Generally the airline wants the dog shipped in a crate just a bit bigger than the dog, so he will probably be in a small crate. No water during shipping, it would just spill everywhere plus it will make them have to go potty which you want to avoid when in the crate obviously. How long is the flight? Is there a plane change or is is direct? 
I generally shipped dogs without a collar and told buyers to bring a slip lead with them to the airport for a potty break as soon as you got them in your possession. Our airport has a small 10x10 fenced potty area just for this purpose. 
For my pups that I shipped, I would tape a copy of the papers in an envelope to the top of the crate and would send the real papers by fed ex within a day or two, usually I waited to send the papers until after they took the puppy to their vet and got the pup checked out on their end.
I would think it would be ok to email the breeder and ask for an update when the pup is around 6 weeks old, there is more to the pup by then, they will be exhibiting some personality and they are a good age to get a pic.
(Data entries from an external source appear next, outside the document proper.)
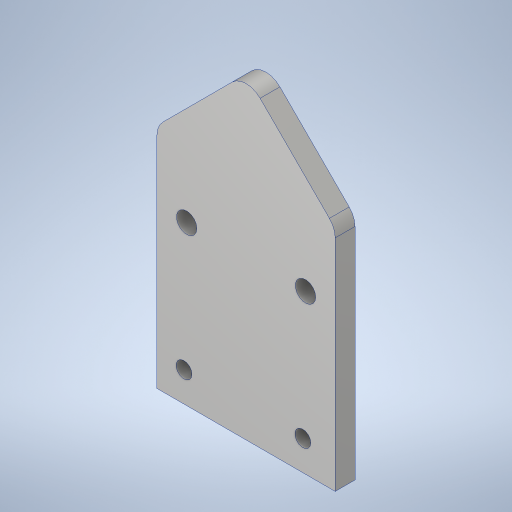
# Autodesk Inventor part: CL7-005
Saved by Autodesk Inventor 2023.4 (Build 274418000, 418)
## iProperties
Created: 2025-03-17
Part Number: CL7-005
Material: Aluminum 6061
Document SubType Name: Modeling
Designer: dlangdon
Density: 2.7 g/cm^3
Appearance: Aluminum - Flat
Author: dlangdon
Autodesk Inventor part; units mm, degrees
ref_plane "YZ Plane" through (0, 0, 0) normal (1, 0, 0) x (0, 1, 0)
ref_plane "XZ Plane" through (0, 0, 0) normal (0, 1, 0) x (-1, 0, 0)
ref_plane "XY Plane" through (0, 0, 0) normal (0, 0, 1) x (1, 0, 0)
sketch "Sketch1" plane through (0, 0, 0) normal (0, 0, 1) x (1, 0, 0)
  line L0 (-19.05, 0) -> (19.05, 0) construction
  circle A0 centre (-19.05, 0) radius 3.2639
  circle A1 centre (19.05, 0) radius 3.2639
  line L1 (-28.575, 19.5947) -> (-28.575, -50.8)
  line L2 (-28.575, -50.8) -> (28.575, -50.8)
  line L3 (28.575, -50.8) -> (28.575, 19.5947)
  line L4 (-26.7151, 24.0849) -> (-4.4901, 46.3099)
  line L5 (4.4901, 46.3099) -> (26.7151, 24.0849)
  arc A2 (4.4901, 46.3099) -> (-4.4901, 46.3099) centre (0, 41.8197) ccw
  arc A3 (-26.7151, 24.0849) -> (-28.575, 19.5947) centre (-22.225, 19.5947) ccw
  arc A4 (28.575, 19.5947) -> (26.7151, 24.0849) centre (22.225, 19.5947) ccw
  point P0 (0, 0)
  point P1 (0, 0)
  point P2 (0, 50.8)
  point P3 (28.575, 22.225)
  point P4 (-28.575, 22.225)
  point P5 (0, -50.8)
  dimension "d0" = 6.5278
  dimension "d1" = 38.1
  dimension "d4" = 50.8
  dimension "d17" = 101.6
  dimension "d18" = 57.15
  dimension "d19" = 6.35
  constraints: 12 end point, 6 point on circle, 6 point on line, 6 tangent, 5 centre point, 3 coincident, 3 equal radius, 2 midpoint, 2 perpendicular, 2 vertical, 2 vertical alignment, 1 horizontal, 1 horizontal alignment
  measures "d0" diameter of A0
  measures "d1" distance of L0.start L0.end
  measures "d4" distance from line of A1.centre L2
  measures "d17" distance from line of L2 point (0, 50.8)
  measures "d18" distance of L1.end L2.end
  measures "d19" radius of A2
extrude "Extrusion1" add sketch "Sketch1" along normal blind 6.35
sketch "Sketch2" plane through (0, 0, 6.35) normal (0, 0, 1) x (1, 0, 0)
  line L0 (-19.9009, -41.275) -> (18.1991, -41.275) construction
  line L1 (-28.575, -50.8) -> (28.575, -50.8) projected
  point P0 (0, 0)
  dimension "d8" = 38.1
  dimension "d9" = 9.525
  constraints: 2 coincident, 2 end point, 1 horizontal
  measures "d8" distance of L0.start L0.end
  measures "d9" distance between parallel lines of L0 L1
hole "Hole1" at (-19.9009, -41.275, 6.35) at (18.1991, -41.275, 6.35) direction (0, 0, -1) diameter 5.1054 end through all clearance for "Flat Head Machine Screw (82)" size "#10" standard "Ansi Unified Screw Threads"
body "Solid1"
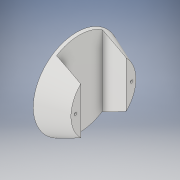
# Autodesk Inventor part: 1st base
Saved by Autodesk Inventor 2017 (Build 210142000, 142)
## iProperties
Created: 2020-02-20
Part Number: 1st base
Material: UHMW, White
Document SubType Name: Modeling
Designer: S346852600
Density: 0.94 g/cm^3
Appearance: Smooth - White
Author: S346852600
Autodesk Inventor part; units mm, degrees
ref_plane "YZ Plane" through (0, 0, 0) normal (1, 0, 0) x (0, 1, 0)
ref_plane "XZ Plane" through (0, 0, 0) normal (0, 1, 0) x (-1, 0, 0)
ref_plane "XY Plane" through (0, 0, 0) normal (0, 0, 1) x (1, 0, 0)
sketch "Sketch1" plane through (0, 0, 0) normal (1, 0, 0) x (0, 1, 0)
  circle A0 centre (0.7746, 0) radius 41.021
  point P0 (0, 0)
  dimension "d1" = 82.042
  constraints: 1 centre point
  measures "d1" diameter of A0
extrude "Extrusion1" add sketch "Sketch1" along normal blind 25.4 draft -22
sketch "Sketch3" plane through (25.4, 0.7746, 0) normal (1, 0, 0) x (0, 0, -1)
  circle A0 centre (0, 0) radius 30.7587 projected
  line L0 (0, 0) -> (-21.4773, 0)
  line L1 (-21.4773, 0) -> (-21.4773, 41.021)
  line L2 (-21.4773, 41.021) -> (0, 41.021)
  line L3 (0, 41.021) -> (0, 0)
  line L4 (30.7587, 0) -> (21.6147, 0)
  line L5 (-21.4773, 41.021) -> (21.6147, 41.021)
  line L6 (21.6147, 41.021) -> (21.6147, -46.8819)
  line L7 (21.6147, -46.8819) -> (-21.4773, -46.8819)
  line L8 (-21.4773, -46.8819) -> (-21.4773, 41.021)
  point P0 (0, -0.7746)
  dimension "d5" = 9.144
  constraints: 18 end point, 4 parallel, 3 horizontal, 2 perpendicular, 1 horizontal alignment, 1 other
  measures "d5" distance of L4.start L4.end
extrude "Extrusion2" cut sketch "Sketch3" against normal blind 22.86 contours L6 A0 L8 L0 L3 | A0 L3 L5 L6 | L6 L7 L8 A0 | L3 L0 L1 A0 | A0 L1 L2 L3
sketch "Sketch5" plane through (0, 0.7746, 0) normal (-1, 0, 0) x (0, 0, 1)
  circle A0 centre (0, -0.7746) radius 6.35
  dimension "d13" = 12.7
  constraints: 1 centre point, 1 coincident
  measures "d13" diameter of A0
extrude "Extrusion4" cut sketch "Sketch5" against normal blind 1.27
sketch "Sketch6" plane through (25.4, 0, 0) normal (1, 0, 0) x (0, 0, -1)
  circle A0 centre (-26.5573, 0.7715) radius 1.27
  circle A1 centre (-26.5573, 0.7715) radius 1.27
  point P0 (0, 0)
  constraints: 2 centre point, 1 coincident, 1 concentric
extrude "Extrusion5" cut sketch "Sketch6" against normal blind 1.27
sketch "Sketch8" plane through (25.4, 0, 0) normal (1, 0, 0) x (0, 0, -1)
  circle A0 centre (26.6947, 0.7715) radius 1.27 projected
  point P0 (0, 0)
extrude "Extrusion7" cut sketch "Sketch8" against normal blind 1.27
body "Solid1"

Here's a pic of my little Lancashire Heeler in the potty area at the Atlanta airport .


----------



## Jag (Jul 27, 2012)

I don't know about layovers or anything yet. The pup is coming from Arizona...to Ohio. Thank you for the other info! I didn't know if the kennel would last me a little bit or not. I guess I'll wait a couple more weeks before emailing again for more info. I got a collar, but looking at it now I don't know if it will be big enough. Time seems to be going VERY slowly!


----------



## Cassidy's Mom (Mar 30, 2003)

Jag said:


> I also wondered (for those that have had a pup shipped) do they come with a collar on already or do I need to bring that to the airport? Will he have water in his crate during shipping? (I'm only familiar with shipping parrots) Any idea what size of crate is generally used? Do the papers come with the pup or are they mailed?


You're going to have to ask your breeder some of these questions because not everyone does things the same way. I've had 2 puppies shipped - Keefer was collarless, Halo was wearing the collar that the breeder used to identify her as the pink girl in the litter. :wub:

The crates were small, but I was able to use them for a couple of weeks before switching to something bigger. One breeder did not charge me for shipping and the other picked up half of the cost, so I returned the crates to them once the pups outgrew them. They didn't ask me to ship them back, but I didn't need them anymore and they could be reused, so it seemed like the right thing to do. 

Both of them had their papers in an envelope taped to the crate. I think it's required that there's water in the crate, they had the little water dish that clips onto the wire mesh door.


----------



## starburst (Jun 9, 2012)

I know all too well how you feel lol

My pup was born almost 3 weeks ago and I am going crazy here waiting for a picture.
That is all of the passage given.